- Operated: 1948–2004
- Location: 939 U.S. Route 1; Edison, New Jersey, United States;
- Coordinates: 40°31′01″N 74°22′19″W﻿ / ﻿40.51695°N 74.37195°W
- Industry: Automotive
- Products: Automobiles
- Area: >100 acres (0.40 km^{2})
- Owner: Ford Motor Company

= Edison Assembly =

Defunct automobile manufacturing plant

Edison Assembly, also known as Metuchen Assembly, was a Ford Motor Company manufacturing plant in Edison, New Jersey, United States. It was located at 939 U.S. Route 1 and occupied over 100 acres when it was open. The factory began operations in 1948 and was closed in 2004. Several popular Ford products were manufactured there, such as the Ford Mustang, Ford Ranger, and the Ford Pinto. When the plant opened, it manufactured the new Mercury branded and Lincoln vehicles. It was one of three Ford manufacturing facilities in New Jersey and was built two years before the Mahwah Assembly plant was opened in 1950.

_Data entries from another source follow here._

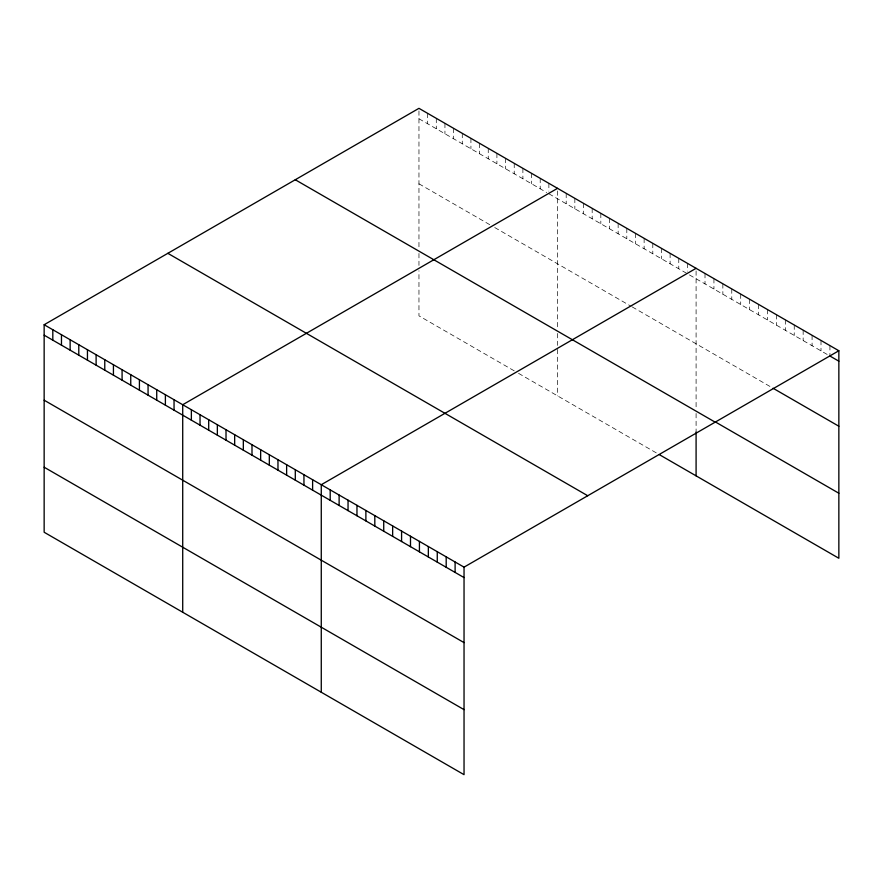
<?xml version="1.0" encoding="UTF-8"?>
<svg xmlns="http://www.w3.org/2000/svg" width="883" height="883" viewBox="0 0 883 883"><rect width="100%" height="100%" fill="white"/><g stroke="black" fill="none" stroke-linecap="round" stroke-linejoin="round"><path stroke-width="0.66" stroke-dasharray="4.42 3.31" d="M418.961 118.763L546.698 192.516M548.873 193.763L827.702 354.745M418.961 183.807L490.407 225.055M494.745 227.549L631.135 306.302M632.217 306.92L771.93 387.582M514.226 370.849L418.961 315.849L418.961 270.728M518.553 373.354L657.118 453.354M829.932 345.595L829.932 354.723M821.002 340.441L821.002 350.882M812.084 335.297L812.084 345.728M803.155 330.143L803.155 340.573M794.236 324.988L794.236 335.43M785.318 319.845L785.318 330.275M776.389 314.69L776.389 325.121M767.47 309.536L767.47 319.966M758.552 304.381L758.552 314.823M749.623 299.238L749.623 309.668M740.705 294.083L740.705 304.514M731.775 288.929L731.775 299.37M722.857 283.785L722.857 294.216M713.939 278.631L713.939 289.061M705.009 273.476L705.009 283.907M696.091 270.938L696.091 408.078M696.091 413.465L696.091 432.052M687.427 263.322L687.427 271.147M678.773 258.322L678.773 268.763M670.109 253.322L670.109 263.763M661.444 248.322L661.444 258.763M652.791 243.333L652.791 253.763M644.126 238.333L644.126 248.763M635.473 233.333L635.473 243.763M626.809 228.333L626.809 238.763M618.144 223.333L618.144 233.763M609.491 218.333L609.491 228.763M600.826 213.333L600.826 223.763M592.173 208.333L592.173 218.763M583.508 203.333L583.508 213.763M574.844 198.333L574.844 208.763M566.191 193.333L566.191 203.763M557.526 190.938L557.526 329.447M557.526 333.465L557.526 345.408M557.526 349.392L557.526 395.849M548.873 183.333L548.873 191.158M540.208 178.333L540.208 188.763M531.544 173.333L531.544 183.763M522.891 168.333L522.891 178.763M514.226 163.333L514.226 173.763M505.573 158.333L505.573 168.763M496.908 153.333L496.908 163.763M488.244 148.333L488.244 158.763M479.59 143.333L479.59 153.763M470.926 138.333L470.926 148.763M462.273 133.333L462.273 143.763M453.608 128.333L453.608 138.763M444.944 123.333L444.944 133.763M436.29 118.333L436.29 128.763M427.626 113.333L427.626 123.763M418.961 110.938L418.961 249.447M418.961 253.465L418.961 265.419"/><path stroke-width="1.32" d="M838.85 350.75L464.039 567.151L464.039 774.667L44.15 532.25L44.15 324.734L418.961 108.333L838.85 350.75L838.85 558.266L659.281 454.602M557.526 188.333L182.715 404.723L182.715 612.25M696.091 268.322L321.269 484.723L321.269 692.25M829.932 356.026L838.85 361.18M773.044 388.233L838.85 426.224M715.053 421.754L838.85 493.233M295.275 179.746L715.164 422.162M167.836 253.322L587.725 495.738M44.15 324.734L464.039 567.151M44.15 335.165L464.039 577.581M44.15 400.198L464.039 642.614M44.15 467.217L464.039 709.634M696.091 432.052L696.091 475.849M455.109 561.996L455.109 572.427M446.191 556.842L446.191 567.272M437.262 551.687L437.262 562.129M428.343 546.544L428.343 556.974M419.425 541.389L419.425 551.82M410.496 536.235L410.496 546.676M401.577 531.091L401.577 541.522M392.648 525.937L392.648 536.367M383.73 520.782L383.73 531.213M374.811 515.628L374.811 526.069M365.882 510.484L365.882 520.915M356.964 505.33L356.964 515.76M348.045 500.175L348.045 510.617M339.116 495.032L339.116 505.462M330.198 489.877L330.198 500.308M312.615 479.723L312.615 490.153M303.951 474.723L303.951 485.153M295.297 469.723L295.297 480.153M286.633 464.723L286.633 475.153M277.968 459.723L277.968 470.153M269.315 454.723L269.315 465.153M260.651 449.723L260.651 460.153M251.997 444.723L251.997 455.164M243.333 439.723L243.333 450.164M234.668 434.723L234.668 445.164M226.015 429.723L226.015 440.164M217.35 424.723L217.35 435.164M208.697 419.723L208.697 430.164M200.033 414.723L200.033 425.164M191.368 409.723L191.368 420.165M174.05 399.723L174.05 410.165M165.386 394.723L165.386 405.165M156.732 389.723L156.732 400.165M148.068 384.723L148.068 395.165M139.415 379.723L139.415 390.165M130.75 374.723L130.75 385.165M122.086 369.723L122.086 380.165M113.432 364.723L113.432 375.165M104.768 359.723L104.768 370.165M96.115 354.723L96.115 365.165M87.45 349.734L87.45 360.165M78.786 344.734L78.786 355.165M70.132 339.734L70.132 350.165M61.468 334.734L61.468 345.165M52.814 329.734L52.814 340.165"/></g></svg>
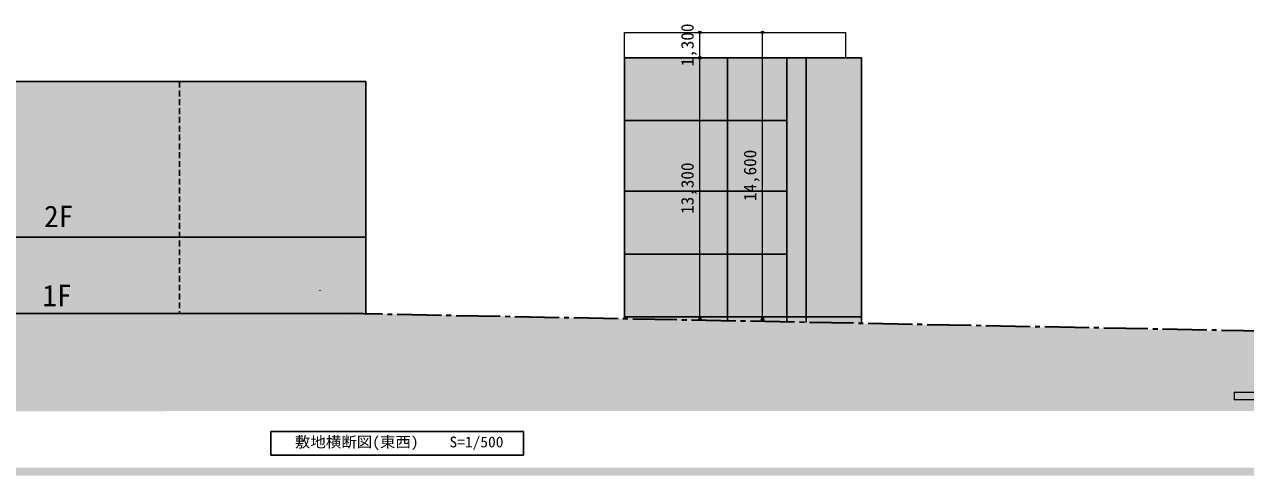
# Model space of a CAD drawing. Units: millimetres at full size. Extents: x -95576 to 124839, y -71355 to 87778.
# Drawn here: x -11578 to 50633, y -69304 to -46313 of the extents above; entities that cross this region are included whole.
import ezdxf
from ezdxf.enums import TextEntityAlignment as Align

# ---------------------------------------------------------------- set-up
doc = ezdxf.new("R2010")
doc.units = ezdxf.units.MM
doc.header["$LTSCALE"] = 250
doc.header["$PDMODE"] = 32
doc.header["$PDSIZE"] = 125
doc.linetypes.add('CHAIN2', pattern=[12, 9, -1, 1, -1])
doc.linetypes.add('DASHED1', pattern=[1.8, 1.2, -0.6])
for name, color, linetype, lineweight in [('0-7_S-BGD-LWCN', 7, 'Continuous', 13), ('6-3_中線', 3, 'Continuous', 25), ('6-D_文字', 7, 'Continuous', 9), ('6-E_寸法', 4, 'Continuous', 9), ('9-C_排水管', 51, 'Continuous', 25)]:
    doc.layers.add(name, color=color, linetype=linetype, lineweight=lineweight)
doc.layers.add('A-C_排水管', color=254, linetype='Continuous')
doc.layers.add('F-D_F-Dﾚｲﾔ', color=150, linetype='Continuous')
doc.styles.add('ＭＳ ゴシック', font='')
doc.styles.get('ＭＳ ゴシック').set_extended_font_data('MS Gothic')

msp = doc.modelspace()

# ---------------------------------------------------------------- linework, layer by layer
at = {"layer": '0-7_S-BGD-LWCN'}
msp.add_line((3472, -59861.5), (3472, -59897.3), dxfattribs=at)
at = {"layer": '6-3_中線'}
for p, q in [((980.7, -67055.2), (980.7, -68256)), ((13850, -67055.2), (980.7, -67055.2)), ((13850, -67055.2), (13850, -68256)), ((13850, -68256), (980.7, -68256))]:
    msp.add_line(p, q, dxfattribs=at)
at = {"layer": '6-D_文字', "color": 4}
for p, q in [((18988.6, -48017.9), (18988.6, -46717.9)), ((30274.8, -48017.9), (30274.8, -46717.9))]:
    msp.add_line(p, q, dxfattribs=at)
at = {"layer": '6-D_文字', "color": 3, "lineweight": 25}
for p, q in [((18988.6, -48017.9), (31073.8, -48017.9)), ((18988.6, -61317.9), (18988.6, -48017.9)), ((24237.1, -48017.9), (24237.1, -61422.9)), ((27256, -48017.9), (27256, -61483.2)), ((28240, -48017.9), (28240, -61497.2)), ((31073.8, -48017.9), (31073.8, -61551.4)), ((-32185.2, -49229), (5814.8, -49229)), ((5814.8, -49229), (5814.8, -61047.4)), ((18988.6, -51217.9), (27256, -51217.9)), ((18988.6, -54817.9), (27256, -54817.9)), ((-32185.2, -57147.4), (5814.8, -57147.4)), ((18988.6, -58017.9), (27256, -58017.9)), ((-32275.2, -61047.4), (4724.8, -61047.4)), ((18988.6, -61217.9), (31073.8, -61217.9))]:
    msp.add_line(p, q, dxfattribs=at)
at = {"layer": '6-D_文字', "color": 3, "linetype": 'DASHED1', "lineweight": 25}
msp.add_line((-3685.2, -49229), (-3685.2, -61047.4), dxfattribs=at)
at = {"layer": '6-D_文字', "color": 2, "linetype": 'CHAIN2', "lineweight": 35}
msp.add_line((51655.4, -61945.1), (4724.8, -61047.4), dxfattribs=at)
at = {"layer": '6-D_文字', "lineweight": 18}
for q in [(50055.4, -65445.1), (51655.4, -65045.1)]:
    msp.add_line((50055.4, -65045.1), q, dxfattribs=at)
at = {"layer": '6-D_文字', "color": 4}
msp.add_lwpolyline([(18988.6, -46717.9), (19035.9, -46717.9), (30274.8, -46717.9)], dxfattribs=at)
at = {"layer": '6-D_文字', "lineweight": 18}
msp.add_lwpolyline([(53655.4, -65045.1), (53655.4, -65445.1), (50055.4, -65445.1)], dxfattribs=at)
at = {"layer": '6-E_寸法'}
for p, q in [((22832.9, -48017.9), (22832.9, -46717.9)), ((26025.3, -61317.9), (26025.3, -46717.9)), ((22832.9, -61317.9), (22832.9, -48017.9))]:
    msp.add_line(p, q, dxfattribs=at)
at = {"layer": '6-E_寸法', "color": 2}
for p in [(22832.9, -46717.9), (26025.3, -46717.9), (22832.9, -48017.9), (22832.9, -61317.9), (26025.3, -61317.9)]:
    msp.add_point(p, dxfattribs=at)
at = {"layer": '9-C_排水管', "color": 254}
for points in [[(-50621.9, -66031.3), (-31538.2, -61047.4), (52055.4, -63357.4), (51655.4, -61971.2)], [(-31538.2, -61047.4), (5461.8, -61047.4), (51655.4, -61971.2)], [(-50621.9, -66031.3), (52255.4, -64857.4), (52255.4, -63357.4)], [(-50621.9, -66031.3), (52255.4, -63357.4), (52055.4, -63357.4)], [(-50621.9, -66031.3), (66366.6, -66005.5), (52255.4, -64857.4)]]:
    msp.add_solid(points, dxfattribs=at)
at = {"layer": 'A-C_排水管'}
msp.add_solid([(18988.6, -48017.9), (18988.6, -61317.9), (31073.8, -48017.9), (31073.8, -61551.4)], dxfattribs=at)
at = {"layer": 'A-C_排水管', "color": 7}
msp.add_solid([(-32185.2, -49229), (-32185.2, -57147.4), (5814.8, -49229), (5814.8, -57147.4)], dxfattribs=at)
at = {"layer": 'A-C_排水管', "color": 51}
msp.add_solid([(-32185.2, -57147.4), (-32185.2, -61047.4), (5814.8, -57147.4), (5814.8, -61047.4)], dxfattribs=at)
at = {"layer": 'F-D_F-Dﾚｲﾔ'}
msp.add_solid([(-95576.2, -69303.6), (-95576.2, -68903.6), (97513.4, -69303.6), (97513.4, -68903.6)], dxfattribs=at)

# ---------------------------------------------------------------- texts
at = {"layer": '6-D_文字', "color": 1, "style": 'ＭＳ ゴシック'}
for s, p in [('2F', (-10581.4, -56974.3)), ('1F', (-10665.5, -61011.5))]:
    msp.add_text(s, height=1100, dxfattribs=at).set_placement(p, align=Align.BOTTOM_LEFT)
at = {"layer": '6-D_文字', "style": 'ＭＳ ゴシック', "width": 1.05}
msp.add_text('敷地横断図(東西)\u3000\u3000S=1/500', height=549.9, dxfattribs=at).set_placement((2202.8, -68030.6), align=Align.BOTTOM_LEFT)
at = {"layer": '6-E_寸法', "color": 3, "style": 'ＭＳ ゴシック'}
for s, p in [('1,300', (22707.9, -48449.1)), ('14,600', (25900.3, -55317.9)), ('13,300', (22707.9, -55967.9))]:
    msp.add_text(s, height=641.5, rotation=90, dxfattribs=at).set_placement(p, align=Align.BOTTOM_LEFT)

doc.saveas('drawing.dxf')

The plant produced 6.9 million vehicles in total; switching to compact car assembly in the 1960s, it built the Ford Falcon and Mustang and the related Mercury Comet, and then to subcompact cars in 1972 with the Ford Pinto and Mercury Bobcat and later their Escort and Lynx successors.

==History==
It was one of only three locations where Ford manufactured the first generation Mustang; the other sites were Dearborn Assembly in Dearborn, Michigan and Milpitas Assembly in San Jose, California.

In 1990, production shifted to Ranger pickups, and produced 1.7 million Rangers along with the related Mazda B-Series.

In December 2001, Ford began laying off employees and eliminating one of two shifts at the plant due to declining sales of the Ranger pickup and the September 11 attacks, roughly 600 hourly and 30 salaried workers lost their jobs effective February 2002.

===Closure===
On January 11, 2002, it was announced that the Edison Assembly Plant would be closed by 2004, along with the St. Louis Assembly Plant in Hazelwood, Missouri, the Ontario Truck Plant in Oakville, Ontario, the Cleveland Aluminum Casting Plant in Brook Park, Ohio, and the Vulcan Forge Plant in Dearborn, Michigan. Production was ceased on February 27, 2004 after 56 years of operation.

As of 2019, the site is occupied by a Sam's Club, Topgolf, Supercharged Entertainment and various restaurants.

==Products==
Vehicles produced at the plant included the Ford Escort, Ford Falcon, Ford Mustang, Ford Pinto, Ford Ranger, Mercury Bobcat, Mercury Cougar, Mercury Lynx, Mercury Custom, Mercury Monterey, Mercury Montclair, Mercury Park Lane, and Mercury Station Wagons.